━━━━━ Excerpted records

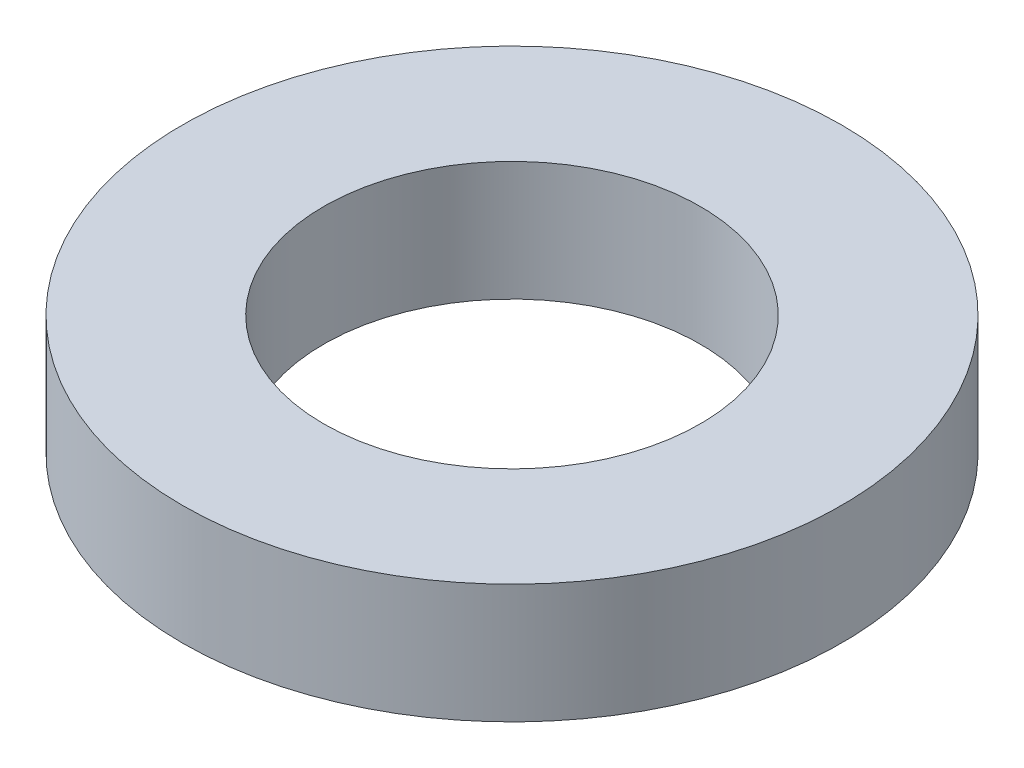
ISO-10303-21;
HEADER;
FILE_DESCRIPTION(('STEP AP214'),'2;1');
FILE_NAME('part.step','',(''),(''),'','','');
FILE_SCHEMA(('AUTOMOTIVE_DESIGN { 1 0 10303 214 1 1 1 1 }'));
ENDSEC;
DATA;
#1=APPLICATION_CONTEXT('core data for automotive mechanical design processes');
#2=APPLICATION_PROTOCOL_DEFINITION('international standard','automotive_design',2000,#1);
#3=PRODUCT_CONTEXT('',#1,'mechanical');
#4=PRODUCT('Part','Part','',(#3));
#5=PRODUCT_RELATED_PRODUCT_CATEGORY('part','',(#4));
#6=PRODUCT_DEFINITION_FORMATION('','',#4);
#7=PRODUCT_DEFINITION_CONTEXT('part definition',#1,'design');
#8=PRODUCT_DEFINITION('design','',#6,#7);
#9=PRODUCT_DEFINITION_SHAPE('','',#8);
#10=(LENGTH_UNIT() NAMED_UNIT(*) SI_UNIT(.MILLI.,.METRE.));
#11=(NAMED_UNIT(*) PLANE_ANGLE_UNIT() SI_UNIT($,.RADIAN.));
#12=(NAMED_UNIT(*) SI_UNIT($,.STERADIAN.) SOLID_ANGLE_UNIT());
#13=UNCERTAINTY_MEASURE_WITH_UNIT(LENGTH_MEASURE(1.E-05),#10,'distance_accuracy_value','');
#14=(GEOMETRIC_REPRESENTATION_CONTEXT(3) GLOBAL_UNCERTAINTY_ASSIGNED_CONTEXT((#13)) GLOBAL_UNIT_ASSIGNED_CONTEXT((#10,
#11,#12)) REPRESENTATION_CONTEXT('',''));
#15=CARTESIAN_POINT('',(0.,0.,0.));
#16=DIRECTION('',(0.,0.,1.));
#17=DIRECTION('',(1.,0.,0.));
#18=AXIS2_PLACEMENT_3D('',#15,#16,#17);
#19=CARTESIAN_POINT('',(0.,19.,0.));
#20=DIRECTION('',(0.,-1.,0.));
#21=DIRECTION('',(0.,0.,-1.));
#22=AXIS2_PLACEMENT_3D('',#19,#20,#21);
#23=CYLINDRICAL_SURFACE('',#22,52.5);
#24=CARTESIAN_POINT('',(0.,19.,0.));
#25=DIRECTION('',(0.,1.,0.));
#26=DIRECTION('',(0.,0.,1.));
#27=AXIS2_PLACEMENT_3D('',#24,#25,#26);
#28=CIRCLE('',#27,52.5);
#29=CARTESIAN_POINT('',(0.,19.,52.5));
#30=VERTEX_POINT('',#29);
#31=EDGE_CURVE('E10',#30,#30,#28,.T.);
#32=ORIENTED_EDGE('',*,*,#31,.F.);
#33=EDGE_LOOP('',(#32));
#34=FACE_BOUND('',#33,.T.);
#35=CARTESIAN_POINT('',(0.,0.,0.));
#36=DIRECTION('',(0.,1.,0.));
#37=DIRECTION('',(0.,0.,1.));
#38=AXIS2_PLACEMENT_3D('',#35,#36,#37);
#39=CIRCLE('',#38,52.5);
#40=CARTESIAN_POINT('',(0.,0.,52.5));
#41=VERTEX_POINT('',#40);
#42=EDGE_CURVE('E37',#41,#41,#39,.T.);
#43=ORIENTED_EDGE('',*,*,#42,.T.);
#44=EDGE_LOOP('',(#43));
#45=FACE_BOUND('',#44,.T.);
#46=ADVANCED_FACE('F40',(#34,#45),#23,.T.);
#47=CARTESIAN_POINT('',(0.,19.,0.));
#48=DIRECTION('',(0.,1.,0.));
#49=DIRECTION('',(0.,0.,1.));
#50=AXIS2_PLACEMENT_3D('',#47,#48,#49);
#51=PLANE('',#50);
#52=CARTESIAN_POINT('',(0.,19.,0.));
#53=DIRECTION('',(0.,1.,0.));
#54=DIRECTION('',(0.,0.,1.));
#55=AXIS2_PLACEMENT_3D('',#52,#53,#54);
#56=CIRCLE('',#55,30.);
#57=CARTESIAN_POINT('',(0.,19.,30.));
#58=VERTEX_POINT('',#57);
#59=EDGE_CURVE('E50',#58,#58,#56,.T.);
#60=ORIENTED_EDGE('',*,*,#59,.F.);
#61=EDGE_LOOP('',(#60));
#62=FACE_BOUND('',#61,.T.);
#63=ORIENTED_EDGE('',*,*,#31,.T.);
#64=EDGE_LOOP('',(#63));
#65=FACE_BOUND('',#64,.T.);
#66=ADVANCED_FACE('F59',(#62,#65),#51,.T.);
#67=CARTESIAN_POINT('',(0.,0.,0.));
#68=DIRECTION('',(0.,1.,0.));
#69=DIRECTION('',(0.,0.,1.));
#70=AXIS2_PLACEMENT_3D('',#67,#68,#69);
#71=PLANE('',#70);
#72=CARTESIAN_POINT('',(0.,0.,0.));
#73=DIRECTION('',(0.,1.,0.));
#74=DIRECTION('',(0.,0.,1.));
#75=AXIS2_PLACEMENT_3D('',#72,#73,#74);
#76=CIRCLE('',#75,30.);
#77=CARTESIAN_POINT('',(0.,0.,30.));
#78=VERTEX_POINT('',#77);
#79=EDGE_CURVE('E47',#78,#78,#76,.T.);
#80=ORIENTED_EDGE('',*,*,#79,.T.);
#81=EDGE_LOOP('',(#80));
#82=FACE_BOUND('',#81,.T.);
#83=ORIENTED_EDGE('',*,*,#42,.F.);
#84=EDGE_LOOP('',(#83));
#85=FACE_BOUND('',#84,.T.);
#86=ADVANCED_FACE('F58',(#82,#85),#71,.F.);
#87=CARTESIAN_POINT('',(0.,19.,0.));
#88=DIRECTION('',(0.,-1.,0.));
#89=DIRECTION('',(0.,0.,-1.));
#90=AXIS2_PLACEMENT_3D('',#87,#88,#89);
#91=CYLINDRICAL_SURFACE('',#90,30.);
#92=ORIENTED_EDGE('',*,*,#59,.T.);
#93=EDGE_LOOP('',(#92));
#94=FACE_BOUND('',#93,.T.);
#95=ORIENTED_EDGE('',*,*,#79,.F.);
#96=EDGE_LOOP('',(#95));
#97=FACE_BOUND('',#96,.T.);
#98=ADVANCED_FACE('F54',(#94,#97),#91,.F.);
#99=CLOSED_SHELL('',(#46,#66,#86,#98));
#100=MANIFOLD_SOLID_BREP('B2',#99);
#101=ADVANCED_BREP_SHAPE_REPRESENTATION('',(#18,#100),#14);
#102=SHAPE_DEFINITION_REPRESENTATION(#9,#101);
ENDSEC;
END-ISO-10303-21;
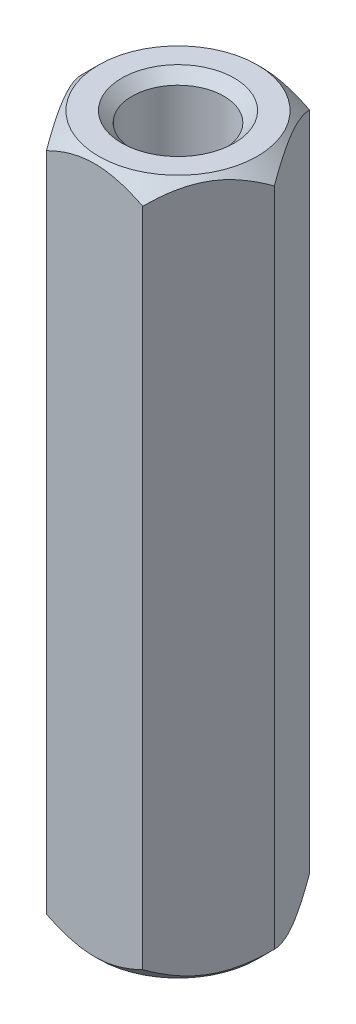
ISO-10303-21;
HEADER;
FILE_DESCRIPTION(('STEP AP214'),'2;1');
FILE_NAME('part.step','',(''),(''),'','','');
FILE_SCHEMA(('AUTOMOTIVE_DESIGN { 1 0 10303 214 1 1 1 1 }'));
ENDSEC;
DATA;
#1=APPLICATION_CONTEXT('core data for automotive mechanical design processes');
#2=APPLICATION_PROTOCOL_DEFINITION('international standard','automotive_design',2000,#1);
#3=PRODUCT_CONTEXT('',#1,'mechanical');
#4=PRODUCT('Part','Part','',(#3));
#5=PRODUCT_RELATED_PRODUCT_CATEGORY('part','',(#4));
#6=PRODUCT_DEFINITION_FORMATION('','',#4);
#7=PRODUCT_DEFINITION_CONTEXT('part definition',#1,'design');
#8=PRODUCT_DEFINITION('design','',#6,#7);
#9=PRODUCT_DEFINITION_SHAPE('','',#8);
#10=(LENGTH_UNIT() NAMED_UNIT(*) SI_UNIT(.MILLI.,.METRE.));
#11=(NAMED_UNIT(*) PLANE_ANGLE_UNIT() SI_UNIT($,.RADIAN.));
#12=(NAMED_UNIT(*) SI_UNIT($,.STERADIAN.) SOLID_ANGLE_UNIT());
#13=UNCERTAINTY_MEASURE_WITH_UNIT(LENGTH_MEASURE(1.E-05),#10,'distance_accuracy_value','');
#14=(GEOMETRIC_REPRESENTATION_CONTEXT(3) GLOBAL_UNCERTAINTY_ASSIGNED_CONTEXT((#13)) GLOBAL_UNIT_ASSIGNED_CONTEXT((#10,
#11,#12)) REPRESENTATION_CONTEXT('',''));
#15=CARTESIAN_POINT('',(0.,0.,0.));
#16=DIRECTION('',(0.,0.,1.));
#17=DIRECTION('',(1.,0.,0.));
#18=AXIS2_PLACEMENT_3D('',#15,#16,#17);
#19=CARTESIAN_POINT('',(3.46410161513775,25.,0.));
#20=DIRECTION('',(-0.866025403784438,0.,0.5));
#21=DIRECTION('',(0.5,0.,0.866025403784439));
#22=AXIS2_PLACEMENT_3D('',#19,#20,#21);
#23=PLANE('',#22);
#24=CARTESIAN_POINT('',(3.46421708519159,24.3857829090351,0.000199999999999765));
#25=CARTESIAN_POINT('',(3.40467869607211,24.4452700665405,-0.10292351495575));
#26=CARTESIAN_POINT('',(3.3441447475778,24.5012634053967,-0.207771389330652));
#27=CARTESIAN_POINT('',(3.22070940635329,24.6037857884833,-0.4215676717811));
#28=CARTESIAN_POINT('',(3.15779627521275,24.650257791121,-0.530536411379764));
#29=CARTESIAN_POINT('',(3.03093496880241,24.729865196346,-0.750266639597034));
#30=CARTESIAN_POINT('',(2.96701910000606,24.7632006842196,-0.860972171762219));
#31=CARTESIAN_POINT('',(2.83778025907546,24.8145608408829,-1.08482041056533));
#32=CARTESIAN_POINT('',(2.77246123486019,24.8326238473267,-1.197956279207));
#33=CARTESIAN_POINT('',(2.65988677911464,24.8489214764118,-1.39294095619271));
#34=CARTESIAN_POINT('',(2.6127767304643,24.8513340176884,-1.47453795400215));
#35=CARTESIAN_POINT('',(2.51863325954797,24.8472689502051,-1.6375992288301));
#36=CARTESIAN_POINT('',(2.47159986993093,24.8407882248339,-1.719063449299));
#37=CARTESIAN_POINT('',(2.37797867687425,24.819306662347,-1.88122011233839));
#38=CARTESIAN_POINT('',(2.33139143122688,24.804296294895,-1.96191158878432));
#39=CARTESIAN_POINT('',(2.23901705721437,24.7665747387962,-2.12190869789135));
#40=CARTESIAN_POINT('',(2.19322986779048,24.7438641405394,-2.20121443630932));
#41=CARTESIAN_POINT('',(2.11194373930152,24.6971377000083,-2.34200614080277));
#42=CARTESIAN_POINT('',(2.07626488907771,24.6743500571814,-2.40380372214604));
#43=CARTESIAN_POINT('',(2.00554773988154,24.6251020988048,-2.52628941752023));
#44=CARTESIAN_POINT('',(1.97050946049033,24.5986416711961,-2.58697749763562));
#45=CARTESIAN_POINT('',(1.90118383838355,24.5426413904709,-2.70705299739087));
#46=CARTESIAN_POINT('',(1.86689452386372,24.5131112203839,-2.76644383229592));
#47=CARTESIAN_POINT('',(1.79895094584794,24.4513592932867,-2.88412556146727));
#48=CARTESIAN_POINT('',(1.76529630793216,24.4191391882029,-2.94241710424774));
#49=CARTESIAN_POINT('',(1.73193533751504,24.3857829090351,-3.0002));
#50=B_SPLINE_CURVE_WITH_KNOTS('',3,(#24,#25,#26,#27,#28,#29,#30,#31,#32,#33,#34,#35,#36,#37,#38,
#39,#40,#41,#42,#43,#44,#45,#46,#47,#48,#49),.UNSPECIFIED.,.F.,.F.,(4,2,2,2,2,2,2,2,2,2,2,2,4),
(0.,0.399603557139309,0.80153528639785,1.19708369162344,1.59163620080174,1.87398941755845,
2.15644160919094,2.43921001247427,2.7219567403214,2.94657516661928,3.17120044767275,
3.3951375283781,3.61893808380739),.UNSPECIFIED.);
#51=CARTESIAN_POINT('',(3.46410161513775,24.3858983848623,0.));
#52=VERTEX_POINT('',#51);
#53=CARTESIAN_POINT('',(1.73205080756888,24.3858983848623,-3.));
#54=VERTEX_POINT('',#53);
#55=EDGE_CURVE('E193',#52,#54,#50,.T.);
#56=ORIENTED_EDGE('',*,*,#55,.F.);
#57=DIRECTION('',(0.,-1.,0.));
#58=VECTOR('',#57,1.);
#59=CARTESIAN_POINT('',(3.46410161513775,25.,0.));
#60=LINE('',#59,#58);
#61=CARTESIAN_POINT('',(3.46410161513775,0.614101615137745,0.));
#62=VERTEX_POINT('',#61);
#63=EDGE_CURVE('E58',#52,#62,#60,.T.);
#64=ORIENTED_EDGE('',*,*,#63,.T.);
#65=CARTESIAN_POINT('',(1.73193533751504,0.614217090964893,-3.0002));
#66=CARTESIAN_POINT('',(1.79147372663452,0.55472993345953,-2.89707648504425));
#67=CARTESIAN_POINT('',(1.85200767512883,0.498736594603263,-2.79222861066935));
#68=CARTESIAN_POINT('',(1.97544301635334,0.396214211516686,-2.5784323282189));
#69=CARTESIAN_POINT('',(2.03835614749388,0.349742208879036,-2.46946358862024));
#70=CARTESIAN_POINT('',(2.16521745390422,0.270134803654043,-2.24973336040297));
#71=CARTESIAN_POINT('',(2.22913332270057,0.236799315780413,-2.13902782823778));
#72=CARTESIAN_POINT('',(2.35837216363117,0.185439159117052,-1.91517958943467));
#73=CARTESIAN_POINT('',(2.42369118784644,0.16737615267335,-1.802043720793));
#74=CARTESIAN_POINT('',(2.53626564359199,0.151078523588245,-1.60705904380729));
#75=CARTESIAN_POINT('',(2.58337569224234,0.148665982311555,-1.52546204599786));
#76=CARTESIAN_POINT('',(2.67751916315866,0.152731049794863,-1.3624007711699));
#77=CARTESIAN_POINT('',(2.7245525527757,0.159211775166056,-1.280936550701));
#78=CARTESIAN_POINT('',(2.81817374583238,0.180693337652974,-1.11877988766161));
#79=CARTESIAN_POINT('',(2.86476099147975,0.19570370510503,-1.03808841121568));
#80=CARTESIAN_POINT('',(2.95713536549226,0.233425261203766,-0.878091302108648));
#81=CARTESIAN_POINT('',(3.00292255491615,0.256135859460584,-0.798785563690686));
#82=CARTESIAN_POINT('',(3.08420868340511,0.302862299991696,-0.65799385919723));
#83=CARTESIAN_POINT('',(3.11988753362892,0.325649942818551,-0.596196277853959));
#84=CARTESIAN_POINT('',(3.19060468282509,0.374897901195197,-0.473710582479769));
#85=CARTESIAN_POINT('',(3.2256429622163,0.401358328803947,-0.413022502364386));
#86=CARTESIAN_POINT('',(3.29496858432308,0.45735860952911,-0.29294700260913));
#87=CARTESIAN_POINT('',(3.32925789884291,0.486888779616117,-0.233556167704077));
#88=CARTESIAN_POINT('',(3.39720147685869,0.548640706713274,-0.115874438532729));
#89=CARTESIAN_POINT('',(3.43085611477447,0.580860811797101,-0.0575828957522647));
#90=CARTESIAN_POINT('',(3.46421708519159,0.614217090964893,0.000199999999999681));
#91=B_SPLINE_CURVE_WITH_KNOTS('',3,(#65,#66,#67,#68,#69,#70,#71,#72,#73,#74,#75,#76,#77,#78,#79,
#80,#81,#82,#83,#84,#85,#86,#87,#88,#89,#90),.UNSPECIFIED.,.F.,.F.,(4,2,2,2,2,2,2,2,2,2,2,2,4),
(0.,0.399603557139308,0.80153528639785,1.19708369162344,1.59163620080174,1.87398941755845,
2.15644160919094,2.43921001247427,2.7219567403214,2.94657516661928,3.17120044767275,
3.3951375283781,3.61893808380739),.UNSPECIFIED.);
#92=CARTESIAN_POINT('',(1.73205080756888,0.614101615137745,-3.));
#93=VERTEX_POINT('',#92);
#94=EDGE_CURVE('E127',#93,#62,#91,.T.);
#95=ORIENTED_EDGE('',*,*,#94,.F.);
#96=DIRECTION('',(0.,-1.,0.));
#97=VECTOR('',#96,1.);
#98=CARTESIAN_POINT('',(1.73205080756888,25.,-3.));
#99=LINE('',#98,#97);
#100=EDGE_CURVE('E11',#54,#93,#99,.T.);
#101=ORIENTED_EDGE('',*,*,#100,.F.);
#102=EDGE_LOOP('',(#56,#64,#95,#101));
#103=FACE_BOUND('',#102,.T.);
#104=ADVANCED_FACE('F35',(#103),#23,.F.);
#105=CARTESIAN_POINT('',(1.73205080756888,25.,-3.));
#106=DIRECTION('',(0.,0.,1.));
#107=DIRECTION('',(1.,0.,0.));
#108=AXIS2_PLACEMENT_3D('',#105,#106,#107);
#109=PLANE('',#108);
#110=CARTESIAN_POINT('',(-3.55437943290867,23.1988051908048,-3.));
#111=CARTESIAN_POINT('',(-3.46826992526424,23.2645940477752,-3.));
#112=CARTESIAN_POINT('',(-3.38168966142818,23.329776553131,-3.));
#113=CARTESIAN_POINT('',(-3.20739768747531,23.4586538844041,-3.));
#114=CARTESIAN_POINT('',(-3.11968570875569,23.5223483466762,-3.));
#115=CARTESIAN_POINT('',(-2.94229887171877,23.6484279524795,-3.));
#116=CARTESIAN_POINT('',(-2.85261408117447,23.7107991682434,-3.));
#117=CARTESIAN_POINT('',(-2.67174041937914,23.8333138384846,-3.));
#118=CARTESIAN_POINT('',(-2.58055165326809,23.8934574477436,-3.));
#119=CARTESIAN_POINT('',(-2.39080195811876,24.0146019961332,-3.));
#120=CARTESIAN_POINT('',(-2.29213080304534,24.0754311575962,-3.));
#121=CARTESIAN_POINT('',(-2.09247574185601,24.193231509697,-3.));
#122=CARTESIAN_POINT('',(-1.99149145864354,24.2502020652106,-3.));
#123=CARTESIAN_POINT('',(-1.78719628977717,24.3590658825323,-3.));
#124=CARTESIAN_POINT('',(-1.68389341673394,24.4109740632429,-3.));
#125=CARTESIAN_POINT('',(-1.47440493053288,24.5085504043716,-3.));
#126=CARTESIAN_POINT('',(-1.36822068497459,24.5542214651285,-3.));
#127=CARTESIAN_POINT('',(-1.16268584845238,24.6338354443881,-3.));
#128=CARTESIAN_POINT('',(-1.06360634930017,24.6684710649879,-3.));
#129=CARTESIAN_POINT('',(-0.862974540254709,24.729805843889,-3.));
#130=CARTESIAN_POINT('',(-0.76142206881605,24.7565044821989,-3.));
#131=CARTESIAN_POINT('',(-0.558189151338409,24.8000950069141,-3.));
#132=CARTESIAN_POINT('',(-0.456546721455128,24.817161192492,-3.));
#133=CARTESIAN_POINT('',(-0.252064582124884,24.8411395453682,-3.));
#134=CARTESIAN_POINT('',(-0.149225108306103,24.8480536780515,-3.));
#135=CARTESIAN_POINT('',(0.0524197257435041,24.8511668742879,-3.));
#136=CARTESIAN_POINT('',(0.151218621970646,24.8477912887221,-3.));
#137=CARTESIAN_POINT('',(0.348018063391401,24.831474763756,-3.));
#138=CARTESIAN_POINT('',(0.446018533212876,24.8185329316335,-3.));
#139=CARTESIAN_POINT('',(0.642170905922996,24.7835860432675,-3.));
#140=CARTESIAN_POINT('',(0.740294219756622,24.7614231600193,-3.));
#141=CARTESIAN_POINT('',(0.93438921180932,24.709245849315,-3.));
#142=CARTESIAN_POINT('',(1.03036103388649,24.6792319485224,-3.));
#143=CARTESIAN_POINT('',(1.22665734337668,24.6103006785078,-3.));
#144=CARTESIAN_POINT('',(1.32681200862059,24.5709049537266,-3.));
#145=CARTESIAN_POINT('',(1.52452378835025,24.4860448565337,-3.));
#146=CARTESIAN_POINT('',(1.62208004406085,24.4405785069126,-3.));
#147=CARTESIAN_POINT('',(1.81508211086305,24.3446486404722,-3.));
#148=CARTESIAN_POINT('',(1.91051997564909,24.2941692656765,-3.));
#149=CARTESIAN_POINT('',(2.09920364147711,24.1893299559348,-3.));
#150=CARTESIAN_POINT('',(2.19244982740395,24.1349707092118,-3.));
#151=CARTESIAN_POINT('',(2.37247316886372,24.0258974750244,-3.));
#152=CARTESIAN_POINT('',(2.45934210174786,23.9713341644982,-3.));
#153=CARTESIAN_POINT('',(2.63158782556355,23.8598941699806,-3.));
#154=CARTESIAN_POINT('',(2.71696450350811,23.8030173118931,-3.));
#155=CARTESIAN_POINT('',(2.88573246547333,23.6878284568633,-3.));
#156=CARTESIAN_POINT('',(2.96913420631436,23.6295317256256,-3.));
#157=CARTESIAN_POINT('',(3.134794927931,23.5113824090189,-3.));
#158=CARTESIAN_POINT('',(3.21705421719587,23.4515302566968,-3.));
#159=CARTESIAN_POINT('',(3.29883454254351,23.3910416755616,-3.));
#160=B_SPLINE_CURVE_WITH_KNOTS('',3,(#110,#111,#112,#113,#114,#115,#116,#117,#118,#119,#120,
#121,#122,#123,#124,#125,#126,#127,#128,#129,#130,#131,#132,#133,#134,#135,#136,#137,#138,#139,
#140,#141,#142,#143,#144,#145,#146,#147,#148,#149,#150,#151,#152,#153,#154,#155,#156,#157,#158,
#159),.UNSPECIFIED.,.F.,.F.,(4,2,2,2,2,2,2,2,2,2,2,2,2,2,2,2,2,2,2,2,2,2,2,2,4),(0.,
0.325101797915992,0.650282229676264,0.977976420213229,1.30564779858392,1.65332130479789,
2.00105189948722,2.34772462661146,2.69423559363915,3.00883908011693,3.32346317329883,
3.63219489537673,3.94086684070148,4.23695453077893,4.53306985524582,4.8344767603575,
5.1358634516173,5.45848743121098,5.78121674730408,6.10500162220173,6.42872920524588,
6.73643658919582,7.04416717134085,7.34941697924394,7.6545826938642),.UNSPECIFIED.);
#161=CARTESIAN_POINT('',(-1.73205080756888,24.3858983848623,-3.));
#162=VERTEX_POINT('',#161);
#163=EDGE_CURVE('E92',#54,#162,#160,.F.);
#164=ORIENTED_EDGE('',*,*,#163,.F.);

━━━━━━━━━━

▶ _About this exercise_:
Each line in the listing above from the one containing "#33=EDGE_LOOP('',(#32));" through the one containing "#46=ADVANCED_FACE('F40',(#34,#45),#23,.T.);" should be repeated exactly, and no other line.

▶ _Answer section_:
#33=EDGE_LOOP('',(#32));
#34=FACE_BOUND('',#33,.T.);
#35=CARTESIAN_POINT('',(0.,0.,0.));
#36=DIRECTION('',(0.,1.,0.));
#37=DIRECTION('',(0.,0.,1.));
#38=AXIS2_PLACEMENT_3D('',#35,#36,#37);
#39=CIRCLE('',#38,52.5);
#40=CARTESIAN_POINT('',(0.,0.,52.5));
#41=VERTEX_POINT('',#40);
#42=EDGE_CURVE('E37',#41,#41,#39,.T.);
#43=ORIENTED_EDGE('',*,*,#42,.T.);
#44=EDGE_LOOP('',(#43));
#45=FACE_BOUND('',#44,.T.);
#46=ADVANCED_FACE('F40',(#34,#45),#23,.T.);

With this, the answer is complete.